Please find the lines in the entries below that contain the word "import", and copy each one.

##### Extracted records

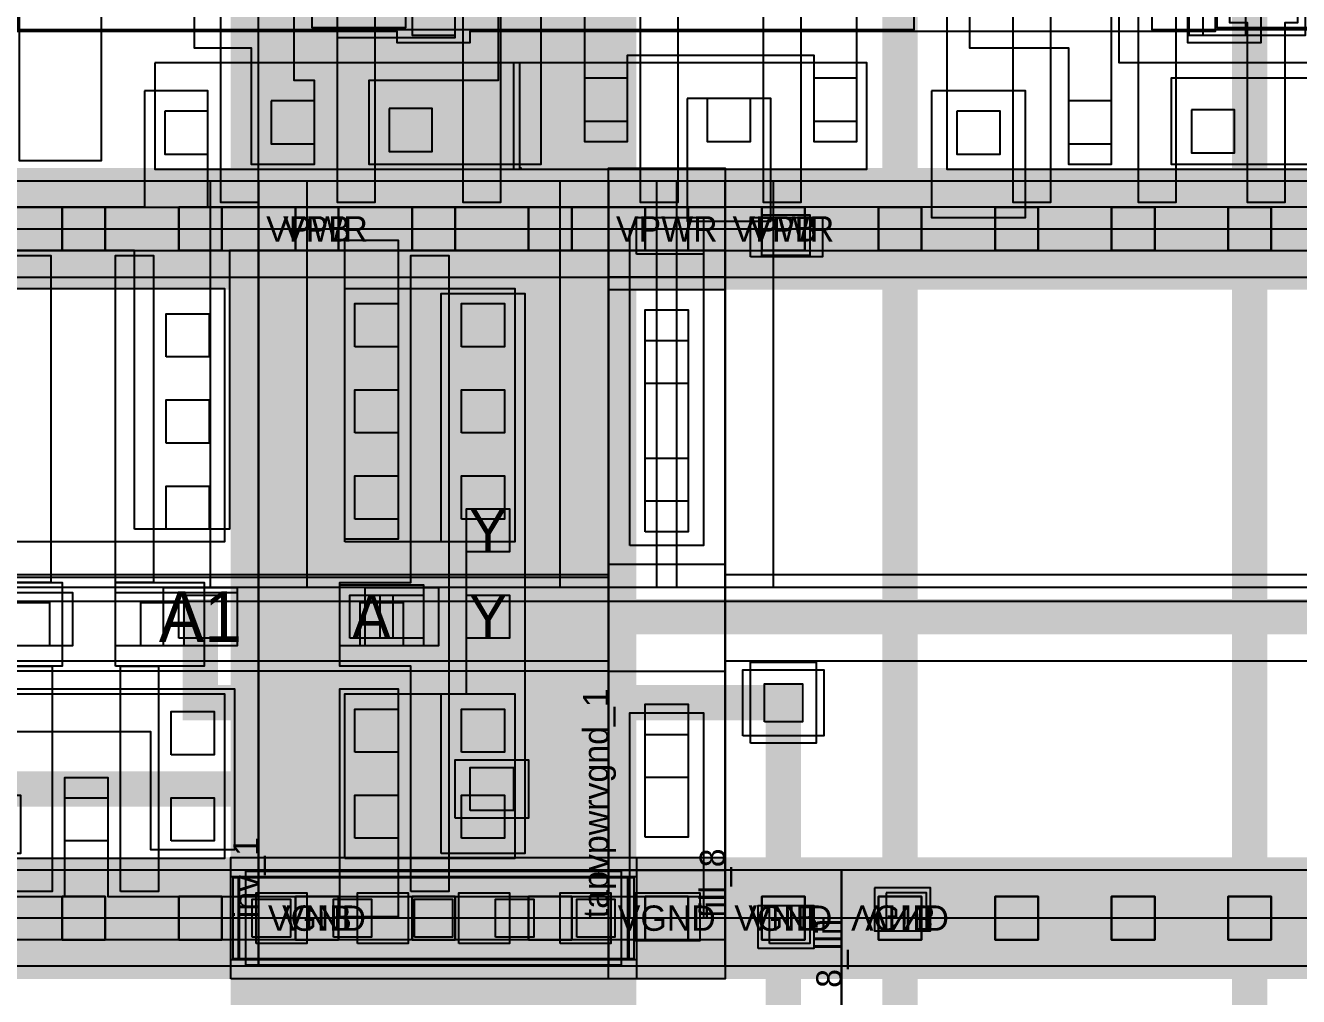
# Model space of a CAD drawing. Extents: x 0 to 50.5, y 0 to 99.5.
# Drawn here: x 40.48 to 45.5, y 56.81 to 60.64 of the extents above; entities that cross this region are included whole.
import ezdxf
from ezdxf.enums import TextEntityAlignment as Align

# ---------------------------------------------------------------- set-up
doc = ezdxf.new("R2010")
doc.units = 0
for name, color, linetype in [('L122D16', 13, 'CONTINUOUS'), ('L236D0', 12, 'CONTINUOUS'), ('L64D16', 14, 'CONTINUOUS'), ('L64D20', 26, 'CONTINUOUS'), ('L64D5', 19, 'CONTINUOUS'), ('L64D59', 18, 'CONTINUOUS'), ('L65D20', 22, 'CONTINUOUS'), ('L65D44', 31, 'CONTINUOUS'), ('L66D20', 16, 'CONTINUOUS'), ('L66D44', 21, 'CONTINUOUS'), ('L67D16', 29, 'CONTINUOUS'), ('L67D20', 8, 'CONTINUOUS'), ('L67D44', 9, 'CONTINUOUS'), ('L67D5', 17, 'CONTINUOUS'), ('L68D16', 15, 'CONTINUOUS'), ('L68D20', 6, 'CONTINUOUS'), ('L68D44', 7, 'CONTINUOUS'), ('L68D5', 20, 'CONTINUOUS'), ('L69D20', 4, 'CONTINUOUS'), ('L69D44', 5, 'CONTINUOUS'), ('L70D20', 2, 'CONTINUOUS'), ('L70D44', 3, 'CONTINUOUS'), ('L71D20', 1, 'CONTINUOUS'), ('L78D44', 24, 'CONTINUOUS'), ('L81D4', 28, 'CONTINUOUS'), ('L83D44', 30, 'CONTINUOUS'), ('L93D44', 25, 'CONTINUOUS'), ('L94D20', 27, 'CONTINUOUS'), ('L95D20', 23, 'CONTINUOUS')]:
    doc.layers.add(name, color=color, linetype=linetype)

# ---------------------------------------------------------------- blocks, each defined once
blk = doc.blocks.new('VIA_M1M2_PR')
at = {"layer": 'L68D20'}
blk.add_lwpolyline([(-0.16, -0.13), (-0.16, 0.13), (0.16, 0.13), (0.16, -0.13)], close=True, dxfattribs=at)
at = {"layer": 'L68D44'}
blk.add_lwpolyline([(-0.075, -0.075), (-0.075, 0.075), (0.075, 0.075), (0.075, -0.075)], close=True, dxfattribs=at)
at = {"layer": 'L69D20'}
blk.add_lwpolyline([(-0.13, -0.16), (-0.13, 0.16), (0.13, 0.16), (0.13, -0.16)], close=True, dxfattribs=at)
blk = doc.blocks.new('VIA_L1M1_PR_MR')
at = {"layer": 'L67D20'}
blk.add_lwpolyline([(-0.085, -0.085), (-0.085, 0.085), (0.085, 0.085), (0.085, -0.085)], close=True, dxfattribs=at)
at = {"layer": 'L67D44'}
blk.add_lwpolyline([(-0.085, -0.085), (-0.085, 0.085), (0.085, 0.085), (0.085, -0.085)], close=True, dxfattribs=at)
at = {"layer": 'L68D20'}
blk.add_lwpolyline([(-0.145, -0.115), (-0.145, 0.115), (0.145, 0.115), (0.145, -0.115)], close=True, dxfattribs=at)
blk = doc.blocks.new('VIA_via4_5_1600_480_1_4_400_400')
at = {"layer": 'L70D20'}
blk.add_lwpolyline([(-0.79, -0.16), (-0.79, 0.16), (0.79, 0.16), (0.79, -0.16)], close=True, dxfattribs=at)
at = {"layer": 'L70D44'}
for points in [[(-0.7, -0.1), (-0.7, 0.1), (-0.5, 0.1), (-0.5, -0.1)], [(-0.3, -0.1), (-0.3, 0.1), (-0.1, 0.1), (-0.1, -0.1)], [(0.1, -0.1), (0.1, 0.1), (0.3, 0.1), (0.3, -0.1)], [(0.5, -0.1), (0.5, 0.1), (0.7, 0.1), (0.7, -0.1)]]:
    blk.add_lwpolyline(points, close=True, dxfattribs=at)
at = {"layer": 'L71D20'}
blk.add_lwpolyline([(-0.8, -0.165), (-0.8, 0.165), (0.8, 0.165), (0.8, -0.165)], close=True, dxfattribs=at)
blk = doc.blocks.new('VIA_via2_3_1600_480_1_5_320_320')
at = {"layer": 'L68D20'}
blk.add_lwpolyline([(-0.8, -0.24), (-0.8, 0.24), (0.8, 0.24), (0.8, -0.24)], close=True, dxfattribs=at)
at = {"layer": 'L68D44'}
for points in [[(-0.715, -0.075), (-0.715, 0.075), (-0.565, 0.075), (-0.565, -0.075)], [(-0.395, -0.075), (-0.395, 0.075), (-0.245, 0.075), (-0.245, -0.075)], [(-0.075, -0.075), (-0.075, 0.075), (0.075, 0.075), (0.075, -0.075)], [(0.245, -0.075), (0.245, 0.075), (0.395, 0.075), (0.395, -0.075)], [(0.565, -0.075), (0.565, 0.075), (0.715, 0.075), (0.715, -0.075)]]:
    blk.add_lwpolyline(points, close=True, dxfattribs=at)
at = {"layer": 'L69D20'}
blk.add_lwpolyline([(-0.77, -0.16), (-0.77, 0.16), (0.77, 0.16), (0.77, -0.16)], close=True, dxfattribs=at)
blk = doc.blocks.new('VIA_via3_4_1600_480_1_4_400_400')
at = {"layer": 'L69D20'}
blk.add_lwpolyline([(-0.74, -0.185), (-0.74, 0.185), (0.74, 0.185), (0.74, -0.185)], close=True, dxfattribs=at)
at = {"layer": 'L69D44'}
for points in [[(-0.7, -0.1), (-0.7, 0.1), (-0.5, 0.1), (-0.5, -0.1)], [(-0.3, -0.1), (-0.3, 0.1), (-0.1, 0.1), (-0.1, -0.1)], [(0.1, -0.1), (0.1, 0.1), (0.3, 0.1), (0.3, -0.1)], [(0.5, -0.1), (0.5, 0.1), (0.7, 0.1), (0.7, -0.1)]]:
    blk.add_lwpolyline(points, close=True, dxfattribs=at)
at = {"layer": 'L70D20'}
blk.add_lwpolyline([(-0.765, -0.165), (-0.765, 0.165), (0.765, 0.165), (0.765, -0.165)], close=True, dxfattribs=at)
blk = doc.blocks.new('sky130_fd_sc_hd__o21bai_1')
at = {"layer": 'L122D16'}
blk.add_lwpolyline([(0.145, -0.085), (0.145, 0.085), (0.315, 0.085), (0.315, -0.085)], close=True, dxfattribs=at)
at = {"layer": 'L236D0'}
blk.add_lwpolyline([(0, 0), (0, 2.72), (2.76, 2.72), (2.76, 0)], close=True, dxfattribs=at)
at = {"layer": 'L64D16'}
blk.add_lwpolyline([(0.145, 2.635), (0.145, 2.805), (0.315, 2.805), (0.315, 2.635)], close=True, dxfattribs=at)
at = {"layer": 'L64D20'}
blk.add_lwpolyline([(-0.19, 1.305), (-0.19, 2.91), (2.95, 2.91), (2.95, 1.305)], close=True, dxfattribs=at)
at = {"layer": 'L65D20'}
for points in [[(1.01, 1.485), (1.01, 1.76), (0.525, 1.76), (0.525, 2.18), (1.01, 2.18), (1.01, 2.485), (2.625, 2.485), (2.625, 1.485)], [(0.135, 0.465), (0.135, 0.885), (0.805, 0.885), (0.805, 0.465)], [(1.075, 0.235), (1.075, 0.885), (2.625, 0.885), (2.625, 0.235)]]:
    blk.add_lwpolyline(points, close=True, dxfattribs=at)
at = {"layer": 'L66D20'}
for points in [[(0.395, 0.105), (0.395, 0.995), (0.315, 0.995), (0.315, 1.325), (0.435, 1.325), (0.435, 1.685), (0.785, 1.685), (0.785, 2.615), (0.935, 2.615), (0.935, 1.535), (0.585, 1.535), (0.585, 0.995), (0.545, 0.995), (0.545, 0.105)], [(0.795, 0.995), (0.795, 1.325), (1.335, 1.325), (1.335, 2.615), (1.485, 2.615), (1.485, 0.995)], [(1.79, 1.325), (1.79, 2.615), (1.94, 2.615), (1.94, 1.325)], [(2.195, 1.325), (2.195, 2.615), (2.345, 2.615), (2.345, 1.325)], [(1.715, 0.995), (1.715, 1.325), (1.985, 1.325), (1.985, 0.995)], [(2.195, 0.995), (2.195, 1.325), (2.545, 1.325), (2.545, 0.995)], [(1.335, 0.105), (1.335, 0.995), (1.485, 0.995), (1.485, 0.105)], [(1.795, 0.105), (1.795, 0.995), (1.945, 0.995), (1.945, 0.105)], [(2.215, 0.105), (2.215, 0.995), (2.365, 0.995), (2.365, 0.105)]]:
    blk.add_lwpolyline(points, close=True, dxfattribs=at)
at = {"layer": 'L66D44'}
for points in [[(1.05, 2.215), (1.05, 2.385), (1.22, 2.385), (1.22, 2.215)], [(1.57, 2.215), (1.57, 2.385), (1.74, 2.385), (1.74, 2.215)], [(2.395, 2.215), (2.395, 2.385), (2.565, 2.385), (2.565, 2.215)], [(0.565, 1.875), (0.565, 2.045), (0.735, 2.045), (0.735, 1.875)], [(1.05, 1.875), (1.05, 2.045), (1.22, 2.045), (1.22, 1.875)], [(1.57, 1.875), (1.57, 2.045), (1.74, 2.045), (1.74, 1.875)], [(2.395, 1.875), (2.395, 2.045), (2.565, 2.045), (2.565, 1.875)], [(1.57, 1.535), (1.57, 1.705), (1.74, 1.705), (1.74, 1.535)], [(2.395, 1.535), (2.395, 1.705), (2.565, 1.705), (2.565, 1.535)], [(0.365, 1.075), (0.365, 1.245), (0.535, 1.245), (0.535, 1.075)], [(0.845, 1.075), (0.845, 1.245), (1.015, 1.245), (1.015, 1.075)], [(1.765, 1.075), (1.765, 1.245), (1.935, 1.245), (1.935, 1.075)], [(2.295, 1.075), (2.295, 1.245), (2.465, 1.245), (2.465, 1.075)], [(1.57, 0.645), (1.57, 0.815), (1.74, 0.815), (1.74, 0.645)], [(2.415, 0.645), (2.415, 0.815), (2.585, 0.815), (2.585, 0.645)], [(0.175, 0.575), (0.175, 0.745), (0.345, 0.745), (0.345, 0.575)], [(0.595, 0.575), (0.595, 0.745), (0.765, 0.745), (0.765, 0.575)], [(1.115, 0.46), (1.115, 0.63), (1.285, 0.63), (1.285, 0.46)], [(1.57, 0.305), (1.57, 0.475), (1.74, 0.475), (1.74, 0.305)], [(1.995, 0.305), (1.995, 0.475), (2.165, 0.475), (2.165, 0.305)], [(2.415, 0.305), (2.415, 0.475), (2.585, 0.475), (2.585, 0.305)]]:
    blk.add_lwpolyline(points, close=True, dxfattribs=at)
at = {"layer": 'L67D16'}
for points in [[(1.525, 2.125), (1.525, 2.295), (1.695, 2.295), (1.695, 2.125)], [(0.145, 1.445), (0.145, 1.615), (0.315, 1.615), (0.315, 1.445)], [(1.525, 1.105), (1.525, 1.275), (1.695, 1.275), (1.695, 1.105)], [(2.445, 1.105), (2.445, 1.275), (2.615, 1.275), (2.615, 1.105)]]:
    blk.add_lwpolyline(points, close=True, dxfattribs=at)
at = {"layer": 'L67D20'}
for points in [[(2.27, 1.535), (2.27, 2.635), (1.3, 2.635), (1.3, 1.875), (0.97, 1.875), (0.97, 2.635), (0, 2.635), (0, 2.805), (2.76, 2.805), (2.76, 2.635), (2.645, 2.635), (2.645, 1.535)], [(1.115, 0.255), (1.115, 0.825), (1.185, 0.825), (1.185, 1.625), (1.47, 1.625), (1.47, 2.465), (1.795, 2.465), (1.795, 1.455), (1.355, 1.455), (1.355, 0.645), (1.285, 0.645), (1.285, 0.255)], [(0.085, 0.995), (0.085, 2.445), (0.355, 2.445), (0.355, 1.345), (0.535, 1.345), (0.535, 0.995)], [(0.58, 0.495), (0.58, 0.825), (0.72, 0.825), (0.72, 1.535), (0.525, 1.535), (0.525, 2.21), (0.8, 2.21), (0.8, 1.705), (1.015, 1.705), (1.015, 0.995), (0.89, 0.995), (0.89, 0.655), (0.77, 0.655), (0.77, 0.495)], [(1.525, 1.075), (1.525, 1.285), (2.025, 1.285), (2.025, 1.075)], [(2.195, 1.075), (2.195, 1.285), (2.675, 1.285), (2.675, 1.075)], [(1.49, 0.255), (1.49, 0.485), (1.57, 0.485), (1.57, 0.905), (2.665, 0.905), (2.665, 0.27), (2.335, 0.27), (2.335, 0.735), (1.74, 0.735), (1.74, 0.485), (1.82, 0.485), (1.82, 0.255)], [(0, -0.085), (0, 0.085), (0.085, 0.085), (0.085, 0.825), (0.36, 0.825), (0.36, 0.085), (1.995, 0.085), (1.995, 0.555), (2.165, 0.555), (2.165, 0.085), (2.76, 0.085), (2.76, -0.085)]]:
    blk.add_lwpolyline(points, close=True, dxfattribs=at)
at = {"layer": 'L67D44'}
for points in [[(0.145, 2.635), (0.145, 2.805), (0.315, 2.805), (0.315, 2.635)], [(0.605, 2.635), (0.605, 2.805), (0.775, 2.805), (0.775, 2.635)], [(1.065, 2.635), (1.065, 2.805), (1.235, 2.805), (1.235, 2.635)], [(1.525, 2.635), (1.525, 2.805), (1.695, 2.805), (1.695, 2.635)], [(1.985, 2.635), (1.985, 2.805), (2.155, 2.805), (2.155, 2.635)], [(2.445, 2.635), (2.445, 2.805), (2.615, 2.805), (2.615, 2.635)], [(0.145, -0.085), (0.145, 0.085), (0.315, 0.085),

##########

Response area:
import ezdxf
from ezdxf.enums import TextEntityAlignment as Align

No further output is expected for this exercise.